しんくら女性クリニック院長 塩見ひろ美(徳島市新蔵町)

 質問者の知りたい点は「ピリン系薬を服用してもよいか」ですが、質問者の悩んでいる症状は月経前の頭痛で、月経前症候群(PMS)あるいは片頭痛と考えられるものです。この症状についても説明します。

 まず、市販のピリン系薬を月経のたびに2~3回服用しても問題ないかという点に関して、結論からいえば問題ないと考えます。なぜなら、いつも服用しているピリン系薬で十分な効果があるようですし、副作用もなく、服用回数もひと月に2~3回ですので、多い回数ではないからです。

 おそらく、ピリン系薬は危険で身体に悪いのではないかと思っていらっしゃるのかもしれません。

 ピリン系薬剤というのは俗称で、薬の構造がピラゾロン骨格を基本骨格とする解熱鎮痛薬のことです。1980年代に、ピリン系薬剤による顆粒(かりゅう)球(血液中の白血球の1タイプ)減少症、消化管出血、皮膚障害などの重篤な副作用が問題になったことから、当時の厚生省(現厚生労働省)が安全性の見直しを行い、現在、ピリン系薬は副作用の発現の少ないものだけが市販されています。

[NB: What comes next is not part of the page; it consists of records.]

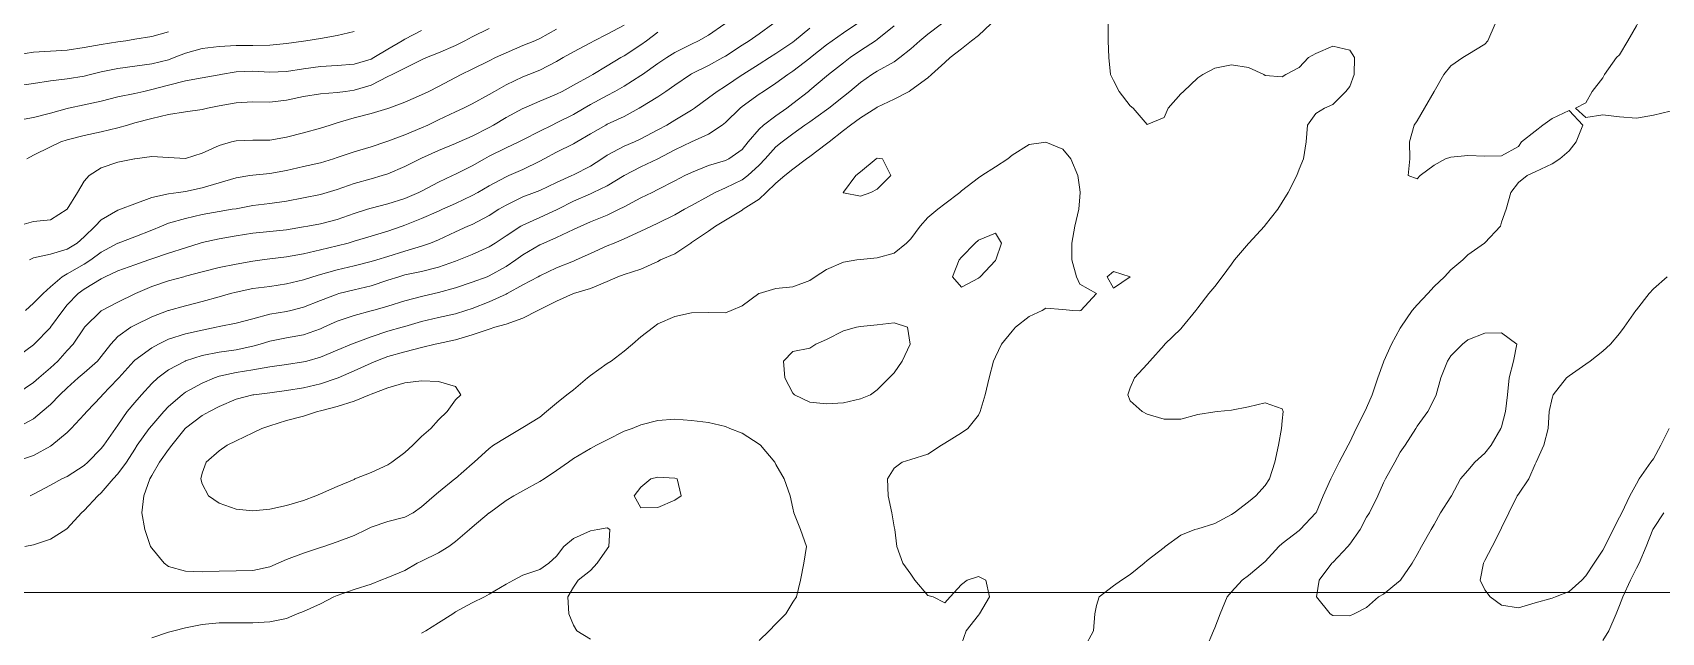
# Model space of a CAD drawing. Header units: centimetres. Extents: x 0 to 642158, y -847 to 649707.
# Drawn here: x 617184.22 to 617232.49, y 620486.2 to 620503.99 of the extents above; entities that cross this region are included whole.
import ezdxf

# ---------------------------------------------------------------- set-up
doc = ezdxf.new("R2010")
doc.units = ezdxf.units.CM
doc.header["$MEASUREMENT"] = 0
doc.layers.add('MEV_grille', color=254, linetype='Continuous', lineweight=9)
doc.layers.add('WAL_topographie 0.5', color=253, linetype='Continuous', lineweight=20)

# ---------------------------------------------------------------- blocks, each defined once
blk = doc.blocks.new('*U114')
at = {"layer": 'MEV_grille', "transparency": 33554687}
blk.add_lwpolyline([(-1338.461, 0), (1338.461, 0)], dxfattribs=at)
blk = doc.blocks.new('*U115')
at = {"layer": 'MEV_grille', "color": 0, "linetype": 'ByBlock', "lineweight": -2, "transparency": 16777216}
blk.add_blockref('*U114', (0, -1900), dxfattribs=at)

msp = doc.modelspace()

# ---------------------------------------------------------------- linework, layer by layer
at = {"layer": 'WAL_topographie 0.5'}
for points in [[(617232.75, 620501.661), (617232.25, 620501.539), (617231.75, 620501.458), (617231.25, 620501.494), (617230.75, 620501.552), (617230.25, 620501.472), (617229.938, 620501.75), (617230.25, 620501.911), (617230.434, 620502.25), (617230.75, 620502.65), (617230.804, 620502.75), (617231.158, 620503.25), (617231.25, 620503.334), (617231.492, 620503.75), (617231.75, 620504.192), (617231.781, 620504.25), (617232.25, 620504.743), (617232.261, 620504.75), (617232.75, 620505.123)], [(617204.739, 620504.25), (617204.25, 620503.915), (617203.949, 620503.75), (617203.75, 620503.651), (617203.25, 620503.402), (617203.011, 620503.25), (617202.75, 620503.077), (617202.291, 620502.75), (617202.25, 620502.722), (617201.75, 620502.406), (617201.478, 620502.25), (617201.25, 620502.128), (617200.75, 620501.857), (617200.563, 620501.75), (617200.25, 620501.567), (617199.75, 620501.314), (617199.615, 620501.25), (617199.25, 620501.07), (617198.75, 620500.81), (617198.629, 620500.75), (617198.25, 620500.572), (617197.75, 620500.329), (617197.609, 620500.25), (617197.25, 620500.042), (617196.75, 620499.792), (617196.661, 620499.75), (617196.25, 620499.552), (617195.75, 620499.291), (617195.667, 620499.25), (617195.25, 620499.071), (617194.75, 620498.909), (617194.25, 620498.785), (617194.143, 620498.75), (617193.75, 620498.623), (617193.25, 620498.445), (617192.75, 620498.32), (617192.379, 620498.25), (617192.25, 620498.227), (617191.75, 620498.141), (617191.25, 620498.093), (617190.75, 620498.044), (617190.25, 620497.959), (617189.75, 620497.879), (617189.25, 620497.77), (617189.187, 620497.75), (617188.75, 620497.611), (617188.25, 620497.453), (617187.75, 620497.279), (617187.667, 620497.25), (617187.25, 620497.106), (617186.75, 620496.925), (617186.376, 620496.75), (617186.25, 620496.688), (617185.75, 620496.383), (617185.573, 620496.25), (617185.25, 620495.912), (617185.116, 620495.75), (617184.755, 620495.25), (617184.75, 620495.244), (617184.273, 620494.75), (617184.25, 620494.729), (617183.75, 620494.362)], [(617206.159, 620504.25), (617205.75, 620503.958), (617205.451, 620503.75), (617205.25, 620503.624), (617204.75, 620503.294), (617204.677, 620503.25), (617204.25, 620503.018), (617203.75, 620502.769), (617203.716, 620502.75), (617203.25, 620502.431), (617202.99, 620502.25), (617202.75, 620502.084), (617202.25, 620501.779), (617202.199, 620501.75), (617201.75, 620501.507), (617201.25, 620501.273), (617201.207, 620501.25), (617200.75, 620500.988), (617200.351, 620500.75), (617200.25, 620500.688), (617199.75, 620500.441), (617199.381, 620500.25), (617199.25, 620500.183), (617198.75, 620499.932), (617198.332, 620499.75), (617198.25, 620499.715), (617197.75, 620499.448), (617197.413, 620499.25), (617197.25, 620499.157), (617196.75, 620498.925), (617196.366, 620498.75), (617196.25, 620498.698), (617195.75, 620498.476), (617195.25, 620498.276), (617195.177, 620498.25), (617194.75, 620498.103), (617194.25, 620497.952), (617193.75, 620497.801), (617193.574, 620497.75), (617193.25, 620497.663), (617192.75, 620497.547), (617192.25, 620497.432), (617191.75, 620497.34), (617191.25, 620497.282), (617191.025, 620497.25), (617190.75, 620497.211), (617190.25, 620497.126), (617189.75, 620497.022), (617189.25, 620496.891), (617188.75, 620496.763), (617188.705, 620496.75), (617188.25, 620496.624), (617187.75, 620496.457), (617187.267, 620496.25), (617187.25, 620496.242), (617186.75, 620495.994), (617186.274, 620495.75), (617186.25, 620495.735), (617185.764, 620495.25), (617185.75, 620495.23), (617185.427, 620494.75), (617185.25, 620494.559), (617184.967, 620494.25), (617184.75, 620494.051), (617184.404, 620493.75), (617184.25, 620493.617), (617183.75, 620493.279)], [(617208.641, 620504.25), (617208.25, 620503.989), (617207.917, 620503.75), (617207.75, 620503.627), (617207.268, 620503.25), (617207.25, 620503.235), (617206.75, 620502.85), (617206.598, 620502.75), (617206.25, 620502.491), (617205.878, 620502.25), (617205.75, 620502.165), (617205.25, 620501.8), (617205.189, 620501.75), (617204.75, 620501.327), (617204.654, 620501.25), (617204.25, 620500.977), (617203.75, 620500.75), (617203.75, 620500.75), (617203.25, 620500.514), (617202.752, 620500.25), (617202.75, 620500.249), (617202.25, 620500.01), (617201.75, 620499.752), (617201.747, 620499.75), (617201.25, 620499.442), (617200.836, 620499.25), (617200.75, 620499.213), (617200.25, 620498.993), (617199.783, 620498.75), (617199.75, 620498.732), (617199.25, 620498.506), (617198.75, 620498.283), (617198.693, 620498.25), (617198.25, 620497.962), (617197.933, 620497.75), (617197.75, 620497.633), (617197.25, 620497.41), (617196.854, 620497.25), (617196.75, 620497.212), (617196.25, 620497.03), (617195.75, 620496.909), (617195.25, 620496.804), (617195.071, 620496.75), (617194.75, 620496.646), (617194.25, 620496.485), (617193.75, 620496.361), (617193.3, 620496.25), (617193.25, 620496.236), (617192.75, 620496.046), (617192.25, 620495.843), (617191.878, 620495.75), (617191.75, 620495.72), (617191.25, 620495.636), (617190.75, 620495.506), (617190.25, 620495.369), (617189.75, 620495.269), (617189.665, 620495.25), (617189.25, 620495.17), (617188.75, 620495.059), (617188.25, 620494.896), (617187.953, 620494.75), (617187.75, 620494.637), (617187.25, 620494.277), (617187.223, 620494.25), (617186.775, 620493.75), (617186.75, 620493.722), (617186.292, 620493.25), (617186.25, 620493.2), (617185.826, 620492.75), (617185.75, 620492.662), (617185.364, 620492.25), (617185.25, 620492.133), (617184.794, 620491.75), (617184.75, 620491.722), (617184.25, 620491.45), (617183.75, 620491.276)], [(617207.25, 620504.12), (617206.802, 620503.75), (617206.75, 620503.71), (617206.25, 620503.373), (617206.057, 620503.25), (617205.75, 620503.059), (617205.265, 620502.75), (617205.25, 620502.74), (617204.75, 620502.403), (617204.503, 620502.25), (617204.25, 620502.059), (617203.831, 620501.75), (617203.75, 620501.696), (617203.25, 620501.395), (617203.012, 620501.25), (617202.75, 620501.104), (617202.25, 620500.837), (617202.055, 620500.75), (617201.75, 620500.622), (617201.25, 620500.357), (617201.087, 620500.25), (617200.75, 620500.035), (617200.25, 620499.774), (617200.2, 620499.75), (617199.75, 620499.541), (617199.25, 620499.312), (617199.093, 620499.25), (617198.75, 620499.119), (617198.25, 620498.878), (617198.038, 620498.75), (617197.75, 620498.565), (617197.25, 620498.304), (617197.123, 620498.25), (617196.75, 620498.083), (617196.25, 620497.846), (617196.017, 620497.75), (617195.75, 620497.655), (617195.25, 620497.512), (617194.75, 620497.354), (617194.419, 620497.25), (617194.25, 620497.199), (617193.75, 620497.069), (617193.25, 620496.95), (617192.75, 620496.817), (617192.526, 620496.75), (617192.25, 620496.658), (617191.75, 620496.536), (617191.25, 620496.465), (617190.75, 620496.399), (617190.25, 620496.297), (617190.085, 620496.25), (617189.75, 620496.153), (617189.25, 620496.013), (617188.75, 620495.889), (617188.25, 620495.753), (617188.241, 620495.75), (617187.75, 620495.564), (617187.25, 620495.318), (617187.132, 620495.25), (617186.75, 620494.98), (617186.536, 620494.75), (617186.25, 620494.384), (617186.14, 620494.25), (617185.75, 620493.899), (617185.573, 620493.75), (617185.25, 620493.459), (617185.03, 620493.25), (617184.75, 620492.959), (617184.508, 620492.75), (617184.25, 620492.536), (617183.75, 620492.271)], [(617195.75, 620504.057), (617195.25, 620503.8), (617195.172, 620503.75), (617194.75, 620503.496), (617194.333, 620503.25), (617194.25, 620503.206), (617193.75, 620503.057), (617193.25, 620503.019), (617192.75, 620502.99), (617192.25, 620502.922), (617191.75, 620502.841), (617191.25, 620502.819), (617190.75, 620502.849), (617190.25, 620502.833), (617189.788, 620502.75), (617189.75, 620502.742), (617189.25, 620502.648), (617188.75, 620502.558), (617188.25, 620502.436), (617187.75, 620502.301), (617187.519, 620502.25), (617187.25, 620502.183), (617186.75, 620502.083), (617186.25, 620501.962), (617185.75, 620501.848), (617185.282, 620501.75), (617185.25, 620501.743), (617184.75, 620501.6), (617184.25, 620501.472), (617183.75, 620501.384)], [(617193.75, 620504.024), (617193.25, 620503.908), (617192.75, 620503.817), (617192.322, 620503.75), (617192.25, 620503.739), (617191.75, 620503.673), (617191.25, 620503.617), (617190.75, 620503.611), (617190.25, 620503.613), (617189.75, 620503.581), (617189.25, 620503.52), (617188.75, 620503.382), (617188.419, 620503.25), (617188.25, 620503.187), (617187.75, 620503.062), (617187.25, 620502.994), (617186.75, 620502.93), (617186.25, 620502.831), (617185.941, 620502.75), (617185.75, 620502.699), (617185.25, 620502.619), (617184.75, 620502.565), (617184.25, 620502.485), (617183.75, 620502.416)], [(617188.25, 620504.017), (617187.75, 620503.876), (617187.25, 620503.794), (617186.981, 620503.75), (617186.75, 620503.715), (617186.25, 620503.641), (617185.75, 620503.552), (617185.25, 620503.468), (617184.75, 620503.444), (617184.25, 620503.411), (617183.75, 620503.33)], [(617199.75, 620504.096), (617199.25, 620503.817), (617199.102, 620503.75), (617198.75, 620503.605), (617198.25, 620503.39), (617197.943, 620503.25), (617197.75, 620503.157), (617197.25, 620502.912), (617196.922, 620502.75), (617196.75, 620502.661), (617196.25, 620502.397), (617195.96, 620502.25), (617195.75, 620502.143), (617195.25, 620501.931), (617194.782, 620501.75), (617194.75, 620501.739), (617194.25, 620501.591), (617193.75, 620501.464), (617193.25, 620501.313), (617193.039, 620501.25), (617192.75, 620501.155), (617192.25, 620501.016), (617191.75, 620500.886), (617191.25, 620500.805), (617190.75, 620500.805), (617190.25, 620500.785), (617190.12, 620500.75), (617189.75, 620500.641), (617189.25, 620500.413), (617188.75, 620500.261), (617188.25, 620500.284), (617187.75, 620500.315), (617187.25, 620500.251), (617187.241, 620500.25), (617186.75, 620500.15), (617186.25, 620499.983), (617185.896, 620499.75), (617185.75, 620499.587), (617185.554, 620499.25), (617185.25, 620498.75), (617185.25, 620498.75), (617184.75, 620498.439), (617184.25, 620498.387), (617183.763, 620498.25)], [(617211.15, 620504.25), (617210.75, 620503.949), (617210.512, 620503.75), (617210.25, 620503.514), (617209.921, 620503.25), (617209.75, 620503.129), (617209.25, 620502.852), (617209.091, 620502.75), (617208.75, 620502.511), (617208.438, 620502.25), (617208.25, 620502.098), (617207.812, 620501.75), (617207.75, 620501.704), (617207.25, 620501.349), (617207.108, 620501.25), (617206.75, 620500.99), (617206.431, 620500.75), (617206.25, 620500.603), (617205.927, 620500.25), (617205.75, 620500.063), (617205.418, 620499.75), (617205.25, 620499.621), (617204.75, 620499.391), (617204.448, 620499.25), (617204.25, 620499.14), (617203.75, 620498.86), (617203.542, 620498.75), (617203.25, 620498.589), (617202.75, 620498.341), (617202.557, 620498.25), (617202.25, 620498.106), (617201.75, 620497.875), (617201.457, 620497.75), (617201.25, 620497.663), (617200.75, 620497.437), (617200.332, 620497.25), (617200.25, 620497.214), (617199.75, 620497.013), (617199.25, 620496.776), (617199.205, 620496.75), (617198.75, 620496.506), (617198.28, 620496.25), (617198.25, 620496.234), (617197.75, 620496.001), (617197.25, 620495.812), (617197.057, 620495.75), (617196.75, 620495.654), (617196.25, 620495.543), (617195.75, 620495.423), (617195.25, 620495.274), (617195.169, 620495.25), (617194.75, 620495.132), (617194.25, 620494.967), (617193.75, 620494.781), (617193.675, 620494.75), (617193.25, 620494.575), (617192.75, 620494.367), (617192.344, 620494.25), (617192.25, 620494.224), (617191.75, 620494.147), (617191.25, 620494.075), (617190.75, 620493.99), (617190.25, 620493.911), (617189.75, 620493.8), (617189.61, 620493.75), (617189.25, 620493.592), (617188.75, 620493.321), (617188.65, 620493.25), (617188.25, 620492.904), (617188.108, 620492.75), (617187.75, 620492.338), (617187.675, 620492.25), (617187.318, 620491.75), (617187.25, 620491.639), (617187.005, 620491.25), (617186.75, 620490.901), (617186.611, 620490.75), (617186.25, 620490.335), (617186.154, 620490.25), (617185.75, 620489.815), (617185.672, 620489.75), (617185.25, 620489.281), (617185.208, 620489.25), (617184.75, 620488.962), (617184.25, 620488.8), (617183.995, 620488.75)], [(617202.75, 620504.001), (617202.415, 620503.75), (617202.25, 620503.627), (617201.75, 620503.307), (617201.65, 620503.25), (617201.25, 620503.008), (617200.821, 620502.75), (617200.75, 620502.71), (617200.25, 620502.431), (617199.917, 620502.25), (617199.75, 620502.169), (617199.25, 620501.961), (617198.78, 620501.75), (617198.75, 620501.736), (617198.25, 620501.469), (617197.876, 620501.25), (617197.75, 620501.182), (617197.25, 620500.922), (617196.863, 620500.75), (617196.75, 620500.699), (617196.25, 620500.495), (617195.75, 620500.272), (617195.702, 620500.25), (617195.25, 620500.016), (617194.75, 620499.803), (617194.582, 620499.75), (617194.25, 620499.657), (617193.75, 620499.514), (617193.25, 620499.337), (617192.948, 620499.25), (617192.75, 620499.194), (617192.25, 620499.093), (617191.75, 620498.99), (617191.25, 620498.92), (617190.75, 620498.86), (617190.25, 620498.769), (617190.137, 620498.75), (617189.75, 620498.689), (617189.25, 620498.598), (617188.75, 620498.48), (617188.25, 620498.336), (617188.041, 620498.25), (617187.75, 620498.133), (617187.25, 620497.931), (617186.762, 620497.75), (617186.75, 620497.746), (617186.25, 620497.478), (617185.943, 620497.25), (617185.75, 620497.127), (617185.25, 620496.836), (617185.097, 620496.75), (617184.75, 620496.446), (617184.534, 620496.25), (617184.25, 620495.968), (617184.011, 620495.75)], [(617197.75, 620504.112), (617197.25, 620503.869), (617197.028, 620503.75), (617196.75, 620503.606), (617196.25, 620503.39), (617195.896, 620503.25), (617195.75, 620503.186), (617195.25, 620502.941), (617194.873, 620502.75), (617194.75, 620502.687), (617194.25, 620502.435), (617193.75, 620502.284), (617193.496, 620502.25), (617193.25, 620502.214), (617192.75, 620502.179), (617192.25, 620502.098), (617191.75, 620501.985), (617191.25, 620501.931), (617190.75, 620501.937), (617190.25, 620501.911), (617189.75, 620501.815), (617189.408, 620501.75), (617189.25, 620501.714), (617188.75, 620501.64), (617188.25, 620501.56), (617187.75, 620501.448), (617187.25, 620501.313), (617187.031, 620501.25), (617186.75, 620501.169), (617186.25, 620501.049), (617185.75, 620500.937), (617185.25, 620500.812), (617185.059, 620500.75), (617184.75, 620500.601), (617184.25, 620500.356), (617184.051, 620500.25)], [(617201.75, 620504.211), (617201.25, 620503.949), (617200.86, 620503.75), (617200.75, 620503.69), (617200.25, 620503.425), (617199.945, 620503.25), (617199.75, 620503.132), (617199.25, 620502.879), (617198.924, 620502.75), (617198.75, 620502.681), (617198.25, 620502.438), (617197.909, 620502.25), (617197.75, 620502.158), (617197.25, 620501.884), (617196.987, 620501.75), (617196.75, 620501.64), (617196.25, 620501.4), (617195.937, 620501.25), (617195.75, 620501.167), (617195.25, 620500.964), (617194.75, 620500.769), (617194.689, 620500.75), (617194.25, 620500.607), (617193.75, 620500.46), (617193.25, 620500.286), (617193.139, 620500.25), (617192.75, 620500.129), (617192.25, 620500.017), (617191.75, 620499.904), (617191.25, 620499.814), (617190.75, 620499.765), (617190.662, 620499.75), (617190.25, 620499.68), (617189.75, 620499.536), (617189.25, 620499.386), (617188.75, 620499.276), (617188.545, 620499.25), (617188.25, 620499.211), (617187.75, 620499.101), (617187.25, 620498.917), (617186.826, 620498.75), (617186.75, 620498.724), (617186.25, 620498.435), (617186.079, 620498.25), (617185.75, 620497.932), (617185.543, 620497.75), (617185.25, 620497.566), (617184.75, 620497.416), (617184.25, 620497.311), (617184.131, 620497.25)], [(617209.75, 620504.192), (617209.25, 620503.784), (617209.201, 620503.75), (617208.75, 620503.46), (617208.45, 620503.25), (617208.25, 620503.097), (617207.804, 620502.75), (617207.75, 620502.704), (617207.25, 620502.28), (617207.213, 620502.25), (617206.75, 620501.886), (617206.567, 620501.75), (617206.25, 620501.527), (617205.88, 620501.25), (617205.75, 620501.131), (617205.429, 620500.75), (617205.25, 620500.529), (617204.85, 620500.25), (617204.75, 620500.201), (617204.25, 620500.054), (617203.75, 620499.846), (617203.553, 620499.75), (617203.25, 620499.593), (617202.75, 620499.333), (617202.581, 620499.25), (617202.25, 620499.088), (617201.75, 620498.823), (617201.603, 620498.75), (617201.25, 620498.575), (617200.75, 620498.374), (617200.465, 620498.25), (617200.25, 620498.154), (617199.75, 620497.917), (617199.373, 620497.75), (617199.25, 620497.693), (617198.75, 620497.401), (617198.541, 620497.25), (617198.25, 620497.054), (617197.75, 620496.773), (617197.688, 620496.75), (617197.25, 620496.589), (617196.75, 620496.424), (617196.25, 620496.279), (617196.12, 620496.25), (617195.75, 620496.168), (617195.25, 620496.039), (617194.75, 620495.879), (617194.304, 620495.75), (617194.25, 620495.735), (617193.75, 620495.602), (617193.25, 620495.431), (617192.854, 620495.25), (617192.75, 620495.202), (617192.25, 620495.027), (617191.75, 620494.936), (617191.25, 620494.836), (617190.964, 620494.75), (617190.75, 620494.691), (617190.25, 620494.582), (617189.75, 620494.51), (617189.25, 620494.412), (617188.75, 620494.253), (617188.743, 620494.25), (617188.25, 620493.986), (617187.928, 620493.75), (617187.75, 620493.585), (617187.452, 620493.25), (617187.25, 620493.022), (617187.024, 620492.75), (617186.75, 620492.348), (617186.679, 620492.25), (617186.328, 620491.75), (617186.25, 620491.656), (617185.857, 620491.25), (617185.75, 620491.153), (617185.25, 620490.827), (617185.089, 620490.75), (617184.75, 620490.571), (617184.25, 620490.301), (617184.151, 620490.25)], [(617212.619, 620504.25), (617212.25, 620503.906), (617212.043, 620503.75), (617211.75, 620503.513), (617211.409, 620503.25), (617211.25, 620503.109), (617210.863, 620502.75), (617210.75, 620502.651), (617210.25, 620502.281), (617210.192, 620502.25), (617209.75, 620502.013), (617209.25, 620501.776), (617209.211, 620501.75), (617208.75, 620501.462), (617208.457, 620501.25), (617208.25, 620501.085), (617207.826, 620500.75), (617207.75, 620500.689), (617207.25, 620500.317), (617207.158, 620500.25), (617206.75, 620499.939), (617206.515, 620499.75), (617206.25, 620499.527), (617205.956, 620499.25), (617205.75, 620499.053), (617205.279, 620498.75), (617205.25, 620498.729), (617204.75, 620498.425), (617204.46, 620498.25), (617204.25, 620498.097), (617203.75, 620497.761), (617203.731, 620497.75), (617203.25, 620497.43), (617202.826, 620497.25), (617202.75, 620497.204), (617202.25, 620496.973), (617201.75, 620496.818), (617201.563, 620496.75), (617201.25, 620496.613), (617200.75, 620496.406), (617200.25, 620496.251), (617200.247, 620496.25), (617199.75, 620496.024), (617199.25, 620495.778), (617199.191, 620495.75), (617198.75, 620495.52), (617198.25, 620495.345), (617197.922, 620495.25), (617197.75, 620495.198), (617197.25, 620495.022), (617196.75, 620494.879), (617196.25, 620494.774), (617196.15, 620494.75), (617195.75, 620494.65), (617195.25, 620494.527), (617194.75, 620494.383), (617194.396, 620494.25), (617194.25, 620494.189), (617193.75, 620493.963), (617193.272, 620493.75), (617193.25, 620493.741), (617192.75, 620493.577), (617192.25, 620493.458), (617191.75, 620493.373), (617191.25, 620493.311), (617190.773, 620493.25), (617190.75, 620493.246), (617190.25, 620493.116), (617189.75, 620492.898), (617189.46, 620492.75), (617189.25, 620492.632), (617188.75, 620492.254), (617188.746, 620492.25), (617188.344, 620491.75), (617188.25, 620491.623), (617187.979, 620491.25), (617187.75, 620490.85), (617187.696, 620490.75), (617187.517, 620490.25), (617187.462, 620489.75), (617187.547, 620489.25), (617187.72, 620488.75), (617187.75, 620488.698), (617188.125, 620488.25), (617188.25, 620488.157), (617188.75, 620488.016), (617189.25, 620487.998), (617189.75, 620488.016), (617190.25, 620488.029), (617190.75, 620488.039), (617191.25, 620488.142), (617191.503, 620488.25), (617191.75, 620488.363), (617192.25, 620488.551), (617192.75, 620488.722), (617192.847, 620488.75), (617193.25, 620488.883), (617193.75, 620489.07), (617194.116, 620489.25), (617194.25, 620489.321), (617194.75, 620489.489), (617195.25, 620489.615), (617195.495, 620489.75), (617195.75, 620489.924), (617196.125, 620490.25), (617196.25, 620490.356), (617196.737, 620490.75), (617196.75, 620490.76), (617197.25, 620491.199), (617197.308, 620491.25), (617197.75, 620491.651), (617197.883, 620491.75), (617198.25, 620491.981), (617198.703, 620492.25), (617198.75, 620492.277), (617199.25, 620492.583), (617199.451, 620492.75), (617199.75, 620492.995), (617200.055, 620493.25), (617200.25, 620493.398), (617200.664, 620493.75), (617200.75, 620493.817), (617201.25, 620494.176), (617201.365, 620494.25), (617201.75, 620494.542), (617201.994, 620494.75), (617202.25, 620494.968), (617202.618, 620495.25), (617202.75, 620495.35), (617203.25, 620495.575), (617203.75, 620495.683), (617204.25, 620495.687), (617204.75, 620495.682), (617204.919, 620495.75), (617205.25, 620495.887), (617205.746, 620496.25), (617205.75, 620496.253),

 ピリン系なので副作用が起こりやすいということはないと考えてください。また、ピリン系でも非ピリン系でも、アレルギーをはじめとする副作用が生じる可能性はあります。大事なことは、市販の鎮痛薬はピリン系でもピリン系以外でも、ご自分にあった薬剤を適正量服用することです。

 さて、頭痛で悩んでいる方は非常に多く、主に一般内科や脳神経外科を受診されているでしょう。しかし、質問者のように月経の前に繰り返し起こる頭痛では、産婦人科を受診されることも少なくありません。なぜなら、月経前緊張症、あるいはPMSと呼ばれる病態の一つとしてとらえられるからです。

 最近、PMSという言葉は、若い方を中心に一般にもかなり知られるようになったと思います。PMSは月経周期のうちの排卵後に次のようなさまざまな症状が自覚されます。身体的には、頭痛、腹部が張る感じ、むくみ、乳房の張る感じ、倦怠(けんたい)感など、精神的には、気持ちが落ち込む、いらいらする、集中力が低下する-などです。そして、次の月経がくるとこれらの症状は消失していきます。排卵後に卵巣から分泌される黄体ホルモンが原因になっていることは明らかになっていますが、病態のすべてが解明されているわけではありません。

 PMSの治療としては、避妊薬である低用量ピル、うつ病の治療薬である選択的セロトニン再吸収阻害薬(SSRI)、漢方療法などがあります。しかし、質問者のように月経前の頭痛のみの症状の場合は、慢性頭痛の一つのタイプ、片頭痛の一種ととらえて、トリプタン製剤や漢方薬の片頭痛の薬である呉茱萸湯(ごしゅゆとう)、あるいは漢方薬の桂枝茯苓丸(けいしぶくりょうがん)などで効果がある場合があります。鎮痛剤以外の薬が頭痛に効くこともあるわけです。

 なお慢性頭痛は、脳腫瘍(しゅよう)や脳血管障害が原因である可能性は高くないかもしれませんが、質問者のように、一度MRIやCTでこれらの疾患の有無を検査することは大切なことです。